Method for Amending Returns

New Rev Proc 2020-23, 2020-18 Int Rev Bull 749 makes it easier to amend partnership returns. In normal times, partnerships are prohibited from amending a partner’s Schedule K-1 (statement reflecting each partner’s distributive share of partnership income, gain, loss, deduction, credit, and other tax items). See IRC §6031(b). Instead, they must file an Administrative Adjustment Request under IRC §6227, meaning that refunds might not be available until 2021. To make cash available faster, Rev Proc 2020-23 creates a special procedure for tax years beginning in 2018 or 2019. For these years, partnerships have until September 30, 2020 to amend their returns and K-1s.
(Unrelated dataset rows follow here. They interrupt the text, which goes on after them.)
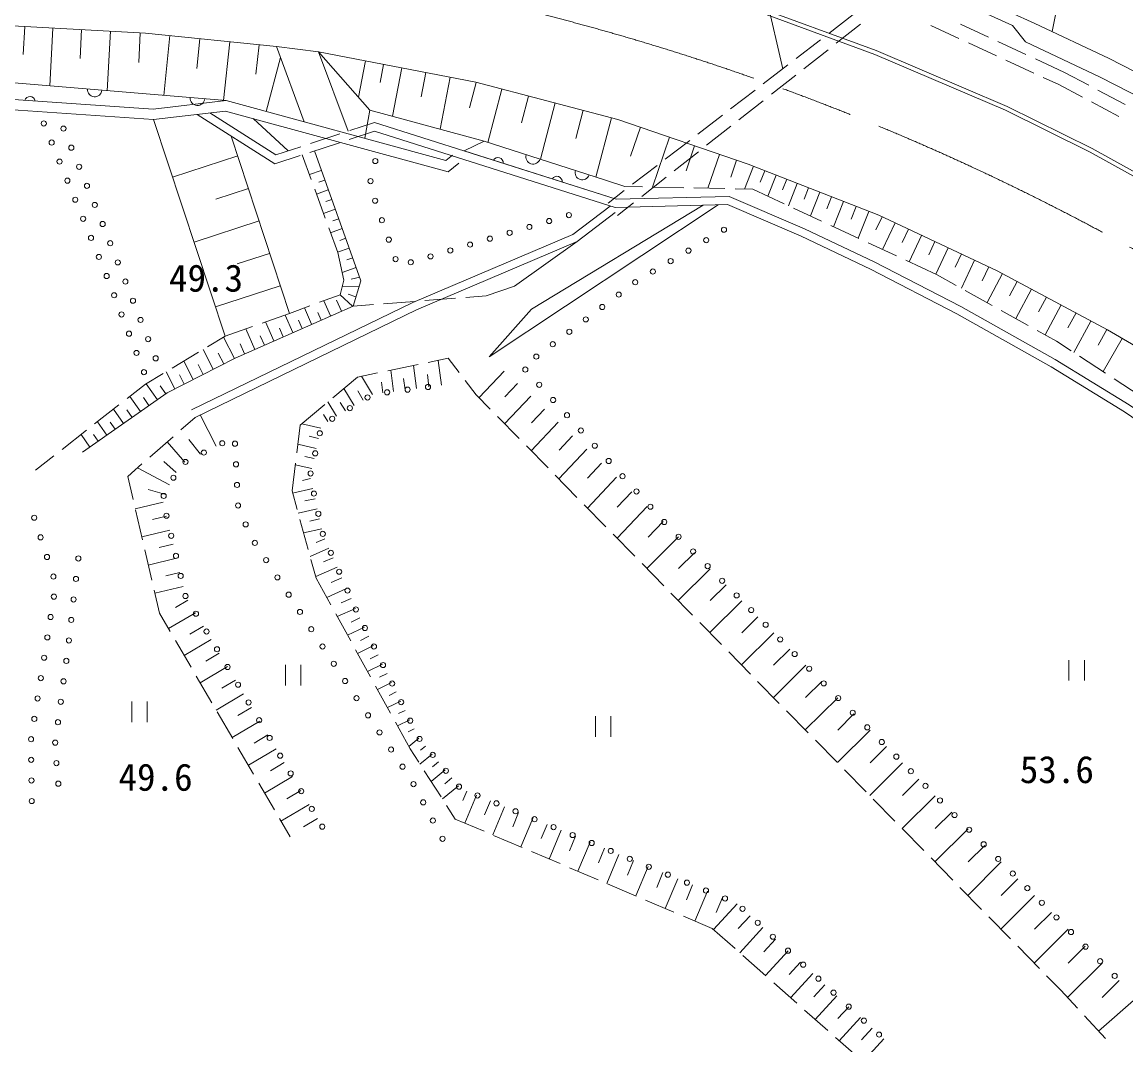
# Model space of a CAD drawing. Units: millimetres at full size, sheet at 1:1000; details may follow other scales. Extents: x 40000 to 680000, y 20000 to 380000.
# Drawn here: x 243602 to 297111, y 264006 to 313596 of the extents above; entities that cross this region are included whole.
import ezdxf
from ezdxf.enums import TextEntityAlignment as Align

# ---------------------------------------------------------------- set-up
doc = ezdxf.new("R2010")
doc.units = ezdxf.units.MM
doc.header["$LTSCALE"] = 1000
doc.linetypes.add('CHAIN', pattern=[18.5, 12, -1.5, 3.5, -1.5])
for name, color, linetype, lineweight in [('M-BGD', 7, 'Continuous', 13), ('M-BMK', 2, 'CHAIN', 13), ('M-STR-HTXT', 7, 'Continuous', 13)]:
    doc.layers.add(name, color=color, linetype=linetype, lineweight=lineweight)
doc.styles.add('ＭＳ ゴシック', font='')
doc.styles.get('ＭＳ ゴシック').set_extended_font_data('MS Gothic')

msp = doc.modelspace()

# ---------------------------------------------------------------- linework, layer by layer
at = {"layer": 'M-BGD'}
for p, q in [((282705, 313041), (283895, 313955)), ((292671, 313548), (291510, 314062)), ((243730, 313378), (243656, 312018)), ((245090, 313304), (244939, 310504)), ((246490, 313229), (246415, 311829)), ((247890, 313153), (247734, 310270)), ((249332, 313075), (249254, 311634)), ((283070, 312566), (284249, 313493)), ((287657, 313433), (289018, 312803)), ((289090, 313486), (290451, 312857)), ((250768, 312939), (250470, 310042)), ((252217, 312790), (252068, 311341)), ((253666, 312641), (253373, 309799)), ((281120, 311822), (282309, 312736)), ((289472, 312594), (290834, 311964)), ((290905, 312647), (292267, 312018)), ((222208, 312405), (253493, 309789)), ((255087, 312495), (254940, 311074)), ((257277, 308760), (255940, 312407)), ((281498, 311329), (282677, 312257)), ((256136, 311871), (255436, 309260)), ((260247, 311710), (259907, 309949)), ((261127, 311540), (260957, 310660)), ((279534, 310603), (280723, 311517)), ((291288, 311754), (292649, 311125)), ((292720, 311808), (294141, 311151)), ((262008, 311370), (261555, 309026)), ((263180, 311144), (262953, 309972)), ((264352, 310917), (263865, 308399)), ((279926, 310093), (281105, 311020)), ((293103, 310915), (293853, 310569)), ((294141, 311151), (295309, 310531)), ((265611, 310672), (265287, 309432)), ((293853, 310569), (295006, 309956)), ((266851, 310349), (266176, 307762)), ((268144, 310011), (267807, 308718)), ((277948, 309385), (279137, 310299)), ((295750, 310297), (297075, 309594)), ((269437, 309674), (268725, 306943)), ((270803, 309317), (270446, 307952)), ((278354, 308857), (279533, 309784)), ((295447, 309722), (296772, 309019)), ((249977, 308866), (253451, 298368)), ((255851, 306717), (252082, 309117)), ((255906, 307156), (252709, 309192)), ((256496, 307350), (254810, 308913)), ((272168, 308961), (271416, 306077)), ((276362, 308166), (277551, 309080)), ((260690, 308309), (259458, 307903)), ((260688, 308729), (259484, 308333)), ((273584, 308499), (273099, 307091)), ((276782, 307620), (277961, 308548)), ((256559, 299466), (253743, 308059)), ((258983, 307747), (257558, 307278)), ((259009, 308177), (257585, 307708)), ((265994, 307821), (265031, 307349)), ((265994, 307821), (271888, 305936)), ((274993, 308014), (274160, 305596)), ((274776, 306947), (275966, 307861)), ((257110, 307552), (255906, 307156)), ((257186, 307156), (257618, 305967)), ((272403, 305006), (265031, 307349)), ((275210, 306384), (276389, 307311)), ((276202, 307598), (275786, 306388)), ((277412, 307181), (276845, 305537)), ((254054, 307109), (250900, 306075)), ((257083, 307122), (255851, 306717)), ((273190, 305729), (274380, 306643)), ((278234, 306898), (277951, 306076)), ((258107, 306407), (257533, 306200)), ((273638, 305147), (274817, 306075)), ((279052, 306604), (278619, 305498)), ((279605, 306388), (279388, 305835)), ((280157, 306172), (279757, 305149)), ((258276, 305936), (257989, 305833)), ((271888, 305936), (272823, 305625)), ((272823, 305625), (273674, 305606)), ((274174, 305595), (275673, 305563)), ((276173, 305552), (277673, 305519)), ((280669, 305972), (280469, 305460)), ((281180, 305772), (280755, 304686)), ((281723, 305559), (281511, 305016)), ((254571, 305532), (252994, 305015)), ((257788, 305497), (258300, 304087)), ((258445, 305465), (257874, 305260)), ((272006, 304818), (272794, 305424)), ((278173, 305508), (279024, 305490)), ((279024, 305490), (280540, 304786)), ((282266, 305347), (281815, 304194)), ((282842, 305121), (282617, 304545)), ((258783, 304524), (258215, 304320)), ((258614, 304995), (258329, 304892)), ((272463, 304224), (273245, 304838)), ((280994, 304575), (282354, 303944)), ((283419, 304896), (282940, 303672)), ((284031, 304657), (283791, 304045)), ((255088, 303955), (251943, 302925)), ((258952, 304054), (258668, 303952)), ((284643, 304417), (284134, 303118)), ((285288, 304153), (284993, 303521)), ((258471, 303617), (258902, 302428)), ((259121, 303583), (258556, 303380)), ((282808, 303733), (284168, 303102)), ((285920, 303857), (285318, 302569)), ((286564, 303556), (286263, 302912)), ((259290, 303113), (259008, 303011)), ((267480, 300788), (270510, 302951)), ((284622, 302891), (285983, 302260)), ((287209, 303255), (286608, 301970)), ((287851, 302954), (287551, 302312)), ((255603, 302383), (254031, 301868)), ((259459, 302642), (258898, 302440)), ((258902, 302428), (259200, 301079)), ((288493, 302654), (287894, 301373)), ((289134, 302355), (288835, 301714)), ((259628, 302172), (259348, 302071)), ((286436, 302050), (287953, 301346)), ((289775, 302055), (289136, 300688)), ((259798, 301701), (259117, 301456)), ((287953, 301346), (288884, 300827)), ((290459, 301735), (290139, 301052)), ((291135, 301401), (290380, 299995)), ((256119, 300811), (252983, 299783)), ((259200, 301079), (259013, 300378)), ((259935, 300756), (259118, 300772)), ((259967, 301230), (259547, 301133)), ((266101, 300320), (267480, 300788)), ((291838, 301024), (291460, 300321)), ((259013, 300378), (258020, 300009)), ((259618, 299817), (259013, 300378)), ((259785, 300279), (259406, 300398)), ((263122, 300093), (264617, 300207)), ((265116, 300245), (266101, 300320)), ((289321, 300584), (290632, 299855)), ((292541, 300646), (291775, 299219)), ((293254, 300263), (292871, 299549)), ((257552, 299835), (256559, 299466)), ((257638, 298943), (257287, 299737)), ((258553, 299347), (258226, 300086)), ((259085, 299582), (258850, 300115)), ((259644, 299829), (260629, 299904)), ((261128, 299942), (262623, 300055)), ((293968, 299880), (293190, 298431)), ((256559, 299466), (255241, 299001)), ((256723, 298539), (256347, 299391)), ((257181, 298741), (257005, 299138)), ((258095, 299145), (257932, 299514)), ((291069, 299612), (292379, 298882)), ((294692, 299491), (294303, 298767)), ((254770, 298834), (253451, 298368)), ((254886, 297727), (254447, 298720)), ((255809, 298134), (255401, 299057)), ((256266, 298337), (256078, 298763)), ((292816, 298639), (293748, 298121)), ((295416, 299102), (294593, 297570)), ((296182, 298690), (295771, 297924)), ((253451, 298368), (252589, 297850)), ((253894, 297286), (253367, 298318)), ((255347, 297931), (255143, 298392)), ((293748, 298121), (294449, 297664)), ((296934, 298255), (296002, 296652)), ((252160, 297592), (250875, 296819)), ((252863, 296760), (252372, 297719)), ((253378, 297023), (253115, 297539)), ((254389, 297508), (254170, 298004)), ((251903, 296269), (251447, 297163)), ((252383, 296514), (252138, 296994)), ((261327, 296686), (262796, 296991)), ((263285, 297092), (264258, 297294)), ((263929, 295988), (263773, 297193)), ((264258, 297294), (264783, 296610)), ((294868, 297391), (296124, 296572)), ((250446, 296561), (249584, 296043)), ((251009, 295813), (250585, 296645)), ((251456, 296041), (251228, 296488)), ((259865, 296383), (260838, 296585)), ((261609, 295686), (261475, 296717)), ((262724, 295831), (262579, 296946)), ((263327, 295910), (263248, 296512)), ((266971, 296677), (265752, 295389)), ((249584, 296043), (248692, 295344)), ((250160, 295289), (249618, 296063)), ((250570, 295576), (250302, 295959)), ((258666, 295375), (259865, 296383)), ((260583, 295540), (260049, 296421)), ((261094, 295619), (261027, 296135)), ((262167, 295759), (262094, 296316)), ((265088, 296214), (265613, 295530)), ((267615, 296067), (267005, 295423)), ((296543, 296299), (297800, 295480)), ((249341, 294715), (248827, 295450)), ((249751, 295002), (249480, 295389)), ((259702, 295006), (259204, 295828)), ((260142, 295273), (259876, 295714)), ((266297, 294834), (265613, 295530)), ((268259, 295458), (266995, 294123)), ((248298, 295036), (247117, 294112)), ((257084, 294046), (258283, 295054)), ((258846, 294488), (258430, 295177)), ((259274, 294747), (259025, 295158)), ((248523, 294141), (248038, 294833)), ((248932, 294428), (248675, 294796)), ((251986, 294430), (251294, 293823)), ((253014, 293027), (252241, 294554)), ((258419, 294229), (258210, 294573)), ((267698, 293406), (266647, 294477)), ((268926, 294826), (268295, 294159)), ((246723, 293803), (245542, 292879)), ((247704, 293568), (247250, 294215)), ((248113, 293855), (247871, 294200)), ((256916, 292705), (257084, 294046)), ((258087, 293901), (257163, 294112)), ((269594, 294194), (268284, 292810)), ((246885, 292994), (246461, 293598)), ((247294, 293281), (247067, 293605)), ((250918, 293494), (249790, 292505)), ((251488, 292254), (250636, 293247)), ((252251, 292641), (251678, 293364)), ((257976, 293413), (257514, 293519)), ((270286, 293539), (269631, 292847)), ((257864, 292926), (256970, 293130)), ((269099, 291979), (268048, 293050)), ((270979, 292884), (269620, 291449)), ((245148, 292570), (244256, 291872)), ((249414, 292176), (248721, 291569)), ((251071, 291760), (250466, 292284)), ((256687, 290868), (256854, 292209)), ((257753, 292439), (257306, 292541)), ((271696, 292205), (271017, 291487)), ((250754, 291164), (249201, 291990)), ((257642, 291951), (256845, 292133)), ((248721, 291569), (248983, 290442)), ((257589, 291463), (257190, 291376)), ((270500, 290552), (269450, 291623)), ((272414, 291526), (271006, 290037)), ((250513, 290711), (249718, 290933)), ((256938, 289958), (256687, 290868)), ((257696, 290975), (256717, 290760)), ((273158, 290822), (272454, 290077)), ((250444, 290318), (249087, 289996)), ((257804, 290485), (257314, 290378)), ((271902, 289125), (270851, 290195)), ((273902, 290117), (272442, 288574)), ((249096, 289955), (249436, 288494)), ((250605, 289639), (249926, 289479)), ((257911, 289995), (256984, 289792)), ((258019, 289507), (257555, 289405)), ((250766, 288961), (249403, 288638)), ((257471, 288030), (257071, 289476)), ((258126, 289019), (257251, 288827)), ((274674, 289387), (273944, 288616)), ((258270, 288542), (257860, 288362)), ((273303, 287698), (272252, 288768)), ((275429, 288640), (273881, 287109)), ((249549, 288007), (249889, 286546)), ((250927, 288279), (250246, 288118)), ((258472, 288085), (257566, 287685)), ((251089, 287598), (249720, 287273)), ((257855, 286638), (257604, 287548)), ((258674, 287627), (258221, 287428)), ((276195, 287866), (275421, 287101)), ((251251, 286913), (250567, 286751)), ((258875, 287170), (257835, 286711)), ((274704, 286271), (273653, 287341)), ((276961, 287093), (275407, 285555)), ((258566, 285349), (257855, 286638)), ((259105, 286650), (258585, 286420)), ((277729, 286316), (276953, 285547)), ((250002, 286059), (250264, 284933)), ((251413, 286228), (250038, 285903)), ((259334, 286130), (258370, 285704)), ((276105, 284844), (275054, 285914)), ((251642, 285567), (251034, 285207)), ((259547, 285647), (259065, 285435)), ((278498, 285539), (276938, 283995)), ((250264, 284933), (250784, 284042)), ((252002, 284959), (250700, 284187)), ((259531, 283597), (258807, 284911)), ((259760, 285165), (258881, 284777)), ((259979, 284716), (259547, 284505)), ((279270, 284759), (278490, 283987)), ((252388, 284308), (251737, 283922)), ((260198, 284266), (259382, 283867)), ((277506, 283416), (276455, 284487)), ((251037, 283610), (251794, 282315)), ((252775, 283657), (251464, 282880)), ((260418, 283817), (260010, 283618)), ((280042, 283979), (278476, 282429)), ((260495, 281845), (259772, 283159)), ((260637, 283368), (259865, 282990)), ((280817, 283196), (280034, 282421)), ((253163, 283002), (252508, 282613)), ((260857, 282919), (260471, 282730)), ((278907, 281989), (277857, 283060)), ((294345, 282667), (294345, 281667)), ((295095, 281667), (295095, 282667)), ((253552, 282346), (252233, 281564)), ((256371, 282430), (256371, 281430)), ((257121, 281430), (257121, 282430)), ((261077, 282469), (260348, 282113)), ((261296, 282020), (260932, 281842)), ((281592, 282412), (280020, 280856)), ((252046, 281884), (252803, 280589)), ((253943, 281687), (253284, 281296)), ((261516, 281571), (260831, 281236)), ((280309, 280562), (279258, 281632)), ((282370, 281626), (281584, 280848)), ((254335, 281027), (253007, 280240)), ((261460, 280094), (260737, 281407)), ((261735, 281122), (261393, 280954)), ((248918, 280656), (248918, 279656)), ((249668, 279656), (249668, 280656)), ((261955, 280673), (261314, 280359)), ((283148, 280840), (281570, 279278)), ((253056, 280157), (253813, 278862)), ((254728, 280364), (254065, 279970)), ((262174, 280223), (261854, 280067)), ((271395, 279946), (271395, 278946)), ((272145, 278946), (272145, 279946)), ((281710, 279135), (280659, 280205)), ((283929, 280051), (283140, 279269)), ((255122, 279700), (253786, 278908)), ((262412, 278366), (261702, 279656)), ((262394, 279774), (261797, 279482)), ((262613, 279325), (262315, 279179)), ((255518, 279032), (254850, 278636)), ((262840, 278880), (262351, 278477)), ((284711, 279261), (283126, 277693)), ((254065, 278431), (254822, 277136)), ((255914, 278365), (254570, 277567)), ((262831, 277714), (262412, 278366)), ((263158, 278495), (262914, 278293)), ((283111, 277708), (282060, 278778)), ((285497, 278470), (284707, 277684)), ((263476, 278109), (262889, 277624)), ((263795, 277723), (263501, 277481)), ((256313, 277693), (255641, 277294)), ((263912, 276031), (263101, 277293)), ((264113, 277338), (263433, 276777)), ((284512, 276281), (283461, 277351)), ((286283, 277680), (284693, 276097)), ((255075, 276704), (255832, 275409)), ((256711, 277021), (255359, 276218)), ((264431, 276952), (264092, 276672)), ((287075, 276885), (286280, 276093)), ((257112, 276344), (256436, 275943)), ((264750, 276567), (263978, 275929)), ((265166, 276313), (264974, 275851)), ((265629, 276120), (265063, 274762)), ((257513, 275668), (256152, 274861)), ((264601, 274959), (264182, 275611)), ((266308, 275838), (266025, 275158)), ((285913, 274853), (284862, 275924)), ((287867, 276090), (286265, 274495)), ((266987, 275555), (266417, 274185)), ((267672, 275270), (267387, 274585)), ((288665, 275289), (287864, 274491)), ((256084, 274978), (256605, 274087)), ((257917, 274988), (257237, 274584)), ((266002, 274362), (264601, 274959)), ((268357, 274985), (267782, 273603)), ((269048, 274697), (268760, 274007)), ((267842, 273578), (266462, 274166)), ((269739, 274410), (269159, 273017)), ((270435, 274120), (270145, 273423)), ((287314, 273426), (286263, 274497)), ((289462, 274488), (287849, 272882)), ((271132, 273830), (270547, 272425)), ((271834, 273538), (271542, 272835)), ((290265, 273681), (289459, 272878)), ((269682, 272794), (268302, 273382)), ((272537, 273245), (271947, 271828)), ((273245, 272950), (272950, 272242)), ((288715, 271999), (287665, 273070)), ((271522, 272010), (270142, 272598)), ((273953, 272655), (273359, 271227)), ((291069, 272875), (289444, 271257)), ((274668, 272358), (274370, 271644)), ((275382, 272061), (274782, 270620)), ((291877, 272063), (291065, 271254)), ((273362, 271225), (271982, 271814)), ((276103, 271761), (275803, 271041)), ((276823, 271461), (276218, 270008)), ((290117, 270572), (289066, 271642)), ((275201, 270441), (273822, 271029)), ((278269, 270845), (277119, 269598)), ((277549, 271159), (277247, 270432)), ((292686, 271250), (291050, 269621)), ((277062, 269648), (275661, 270245)), ((278892, 270270), (278317, 269647)), ((293501, 270432), (292683, 269618)), ((279516, 269695), (278390, 268474)), ((291518, 269145), (290467, 270215)), ((278165, 268673), (277062, 269648)), ((294315, 269614), (292668, 267974)), ((280126, 269133), (279563, 268522)), ((292919, 267718), (291868, 268788)), ((295136, 268790), (294312, 267970)), ((279663, 267348), (278539, 268342)), ((280737, 268570), (279634, 267374)), ((281335, 268018), (280783, 267420)), ((295956, 267967), (294286, 266304)), ((281161, 266023), (280037, 267017)), ((281933, 267467), (280853, 266296)), ((293953, 266665), (293269, 267361)), ((296787, 267132), (295952, 266300)), ((282518, 266927), (281978, 266341)), ((294758, 265792), (293953, 266665)), ((283104, 266387), (282046, 265240)), ((297601, 266279), (295788, 264675)), ((282659, 264698), (281535, 265692)), ((283677, 265858), (283149, 265285)), ((296113, 264322), (295097, 265424)), ((284251, 265329), (283215, 264206)), ((284157, 263373), (283033, 264367)), ((284813, 264812), (284295, 264250)), ((285374, 264294), (284360, 263194))]:
    msp.add_line(p, q, dxfattribs=at)
for points in [[(301758, 315316), (300589, 320481), (297224, 324430), (295659, 323799), (293540, 313136)], [(240377, 321250), (245479, 321110), (250700, 320735), (258514, 319729), (263104, 318956), (267484, 317949), (273429, 316311), (278811, 314486), (285011, 312216), (291354, 309501), (295476, 307464), (302098, 303790), (308276, 299905), (313143, 296489), (320413, 291066), (348107, 270180)], [(240375, 321050), (245469, 320910), (250680, 320536), (258485, 319531), (263065, 318760), (267435, 317755), (273370, 316120), (278745, 314297), (284937, 312030), (291270, 309320), (295383, 307287), (301996, 303618), (308165, 299739), (313026, 296327), (320293, 290906), (347987, 270020)], [(292242, 312645), (291619, 313424), (289018, 314608)], [(222208, 312405), (229114, 313108), (235329, 313458), (242246, 313458), (249584, 313061), (255940, 312407), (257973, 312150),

For NOLs arising in a year beginning in 2018 and ending by June 30, 2019, there is also an expedited procedure which can lead to a refund within 90 days of the application. See IRS Notice 2020-26. Applications under this procedure must be filed by June 30, 2020. For NOLs arising in a fiscal year that straddles 2017 and 2018, a similar expedited procedure is available, with an extended deadline of July 27, 2020. See Rev Proc 2020-24.

New Rev Proc 2020-25 also makes it easier to make or withdraw elections affecting depreciation. Specifically:

  • It temporarily lets the taxpayer withdraw the (otherwise irrevocable) election to use alternative depreciation. The deadline to do so is October 15, 2021 (and not later than the statute of limitations for the year in question).
  • Similarly, it temporarily lets taxpayers retroactively make (or revoke) the elections to not use (or use less) bonus depreciation using the simplified technique in Form 3115, “Application for Change in Accounting Method.” The deadlines are the same as above.
  • It addresses how to retroactively fix depreciation of QIP (except that, for taxpayers who will also change their §163(j)(7) election, the subject is wholly addressed in Rev Proc 2020-22). Now that the CARES Act has cured the retail glitch, owners of QIP technically have been using an “impermissible” depreciation method in their prior returns. Rev Proc 2020-25 provides several options for retroactively choosing a correct recovery period. If the QIP has only been in service for a year, this may be done using Form 3115.